Anyway. Apparently a reasonably long-awaited book is coming out at midnight tonight, which is actually tomorrow. For a series that everyone says is horribly written it's doing rather well for itself, and the entirety of Coolidge Corner up the road is hosting a party about it this evening. It's just one of hundreds of things all over the place.

In fact, everything in the world has suddenly gone mad - ASDA and Scholastic had a bit of a falling out about book pricing, with ASDA claiming that the publishers were going for "blatant profiteering" (which is a bit rich coming from Wal-Mart) and pricing their books at £5 for revenge, only to have their order halted by Scholastic. Now they've made up again and things might proceed as normal until 12:01 comes and they can get around to actually selling them to the five-hour-long queues outside.

It's an exciting event, I'm not saying it isn't. But in the end, it's just a book. J K Rowling-in-it happened to have the right idea at the right time (to an incredible degree) and this is what happened because of it. I wonder if the final part of Lord of the Rings would have been received like this if Tolkien had written it today (but if he had, then we wouldn't have had most high fantasy literature until now, and besides, he would be alive after his death, creating a paradox that would put the universe in limbo until we were eventually saved by Doctor Who).

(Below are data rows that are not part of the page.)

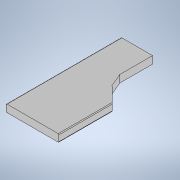
# Autodesk Inventor part: VerstaerkungHintenLinks
Saved by Autodesk Inventor 2020.3 (Build 243373010, 373A)
## iProperties
Created: 2021-02-13
Part Number: VerstaerkungHintenLinks
Material: Generisch
Document SubType Name: Modeling
Designer: Stefan
Density: 1 g/cm^3
Appearance: Vorgabe
Author: Stefan
Autodesk Inventor part; units mm, degrees
ref_plane "YZ Plane" through (0, 0, 0) normal (1, 0, 0) x (0, 1, 0)
ref_plane "XZ Plane" through (0, 0, 0) normal (0, 1, 0) x (-1, 0, 0)
ref_plane "XY Plane" through (0, 0, 0) normal (0, 0, 1) x (1, 0, 0)
sketch "Skizze1" plane through (0, 0, 0) normal (0, 1, 0) x (-1, 0, 0)
  line L0 (100.9437, 169.5604) -> (-41.0563, 169.5604)
  line L1 (-41.0563, 169.5604) -> (-41.0563, -140.4396)
  line L2 (-41.0563, -140.4396) -> (100.9437, -140.4396)
  line L3 (100.9437, -140.4396) -> (100.9437, 169.5604)
  point P0 (0, 0)
  dimension "d0" = 142
  dimension "d1" = 310
  constraints: 8 end point, 2 parallel, 1 horizontal, 1 perpendicular, 1 other
  measures "d0" distance of L1.end L2.end
  measures "d1" distance of L0.end L1.end
extrude "Extrusion1" add sketch "Skizze1" along normal blind 20
sketch "Skizze3" plane through (0, 20, 0) normal (0, 1, 0) x (1, 0, 0)
  line L0 (41.0563, -169.5604) -> (41.0563, 140.4396) projected
  line L1 (-100.9437, -169.5604) -> (41.0563, -169.5604) projected
  line L2 (41.0563, 140.4396) -> (-15.9437, 140.4396)
  line L3 (-15.9437, 140.4396) -> (-15.9437, -169.5604)
  line L4 (-15.9437, -169.5604) -> (41.0563, -169.5604)
  line L5 (41.0563, -169.5604) -> (41.0563, 140.4396)
  line L6 (-100.9437, 140.4396) -> (-100.9437, -169.5604) projected
  line L7 (-55.1017, 146.8416) -> (-0.3577, 14.6778)
  line L8 (0.4663, 14.6778) -> (101.62, -86.4759)
  line L9 (-0.3577, 14.6778) -> (0.4663, 14.6778)
  point P0 (0, 0)
  point P1 (-15.9437, 52.3058)
  point P2 (41.0563, -25.9122)
  dimension "d66" = 85
  dimension "d69" = 157.5
  dimension "d70" = 316.402
  dimension "d71" = 45.842
  dimension "d72" = 143.053
  dimension "d74" = 143.053
  dimension "d75" = 157.5
  dimension "d76" = 0
  dimension "d77" = 0.824
  constraints: 14 end point, 2 horizontal, 2 parallel, 2 point on line, 1 perpendicular
  measures "d66" distance between parallel lines of L6 L3
  measures "d69" angle of L0 L7
  measures "d70" distance from line of L1 L7.start
  measures "d71" distance from line of L6 L7.start
  measures "d72" distance of L7.start L7.end
  measures "d74" distance of L8.start L8.end
  measures "d75" angle of L7 L8
  measures "d76" vertical distance of L8.start L7.end
  measures "d77" distance of L8.start L7.end
extrude "Extrusion4" cut sketch "Skizze3" against normal through all contours L8 L9 L7 L3 L2 L0
fillet "Rundung1" radius 2 4 edges at (-100.9437, 20, 14.5604) (-100.9437, 0, 14.5604) (41.0563, 20, 97.7363) (41.0563, 0, 97.7363)

Still, this will be the last one, and after that, all this will be over. Apart from when they release the films in a couple of years' time. And those books are fairly long, so it's likely they'll be split up into separate films so that it takes a bit longer than that. But after that, it might stop at some point within the next fifteen years.

Date: 2007-07-20 06:39 pm (UTC)
From: [identity profile] stubbleupdate.livejournal.com
And, if Tolkein had written Lord of the Rings in this day and age, they would be a novelisation of the films, therefore nobody would want to read them.

Date: 2007-07-20 07:42 pm (UTC)
From: [identity profile] diarytypething.livejournal.com
If Lord of the Rings had been written more recently I would have spent the whole of my mediaeval literature module watching a lot of middle-aged men in tweed having an extended bitch-fight. Despite the fact that Tolkien was considered to be one of the leading experts in his academic field, and Chair of Anglo-Saxon at Oxford, the fact that he wrote Lord of the Rings apparently invalidates every word of non-fiction he ever committed to paper (which could get weird if you include the couple of pages of the OED he did). This might have been interesting, because nobody can have a hissy fit like the high ranking members of the academic community, and Tolkien had some fairly epic ones when people accused him of writing allegories. It might also have meant that I got to study Beowulf in an academic field where they hadn't spent 30 or 40 years ostracising anyone who mentioned the monsters in a mythic story about a bloke who fights monsters, just because the last generation of scholars are still bitter about how Tolkien made more money than them.

Date: 2007-07-22 08:48 pm (UTC)
From: [identity profile] stubbleupdate.livejournal.com
Also, Tolkein would have to defend his work to the slashers.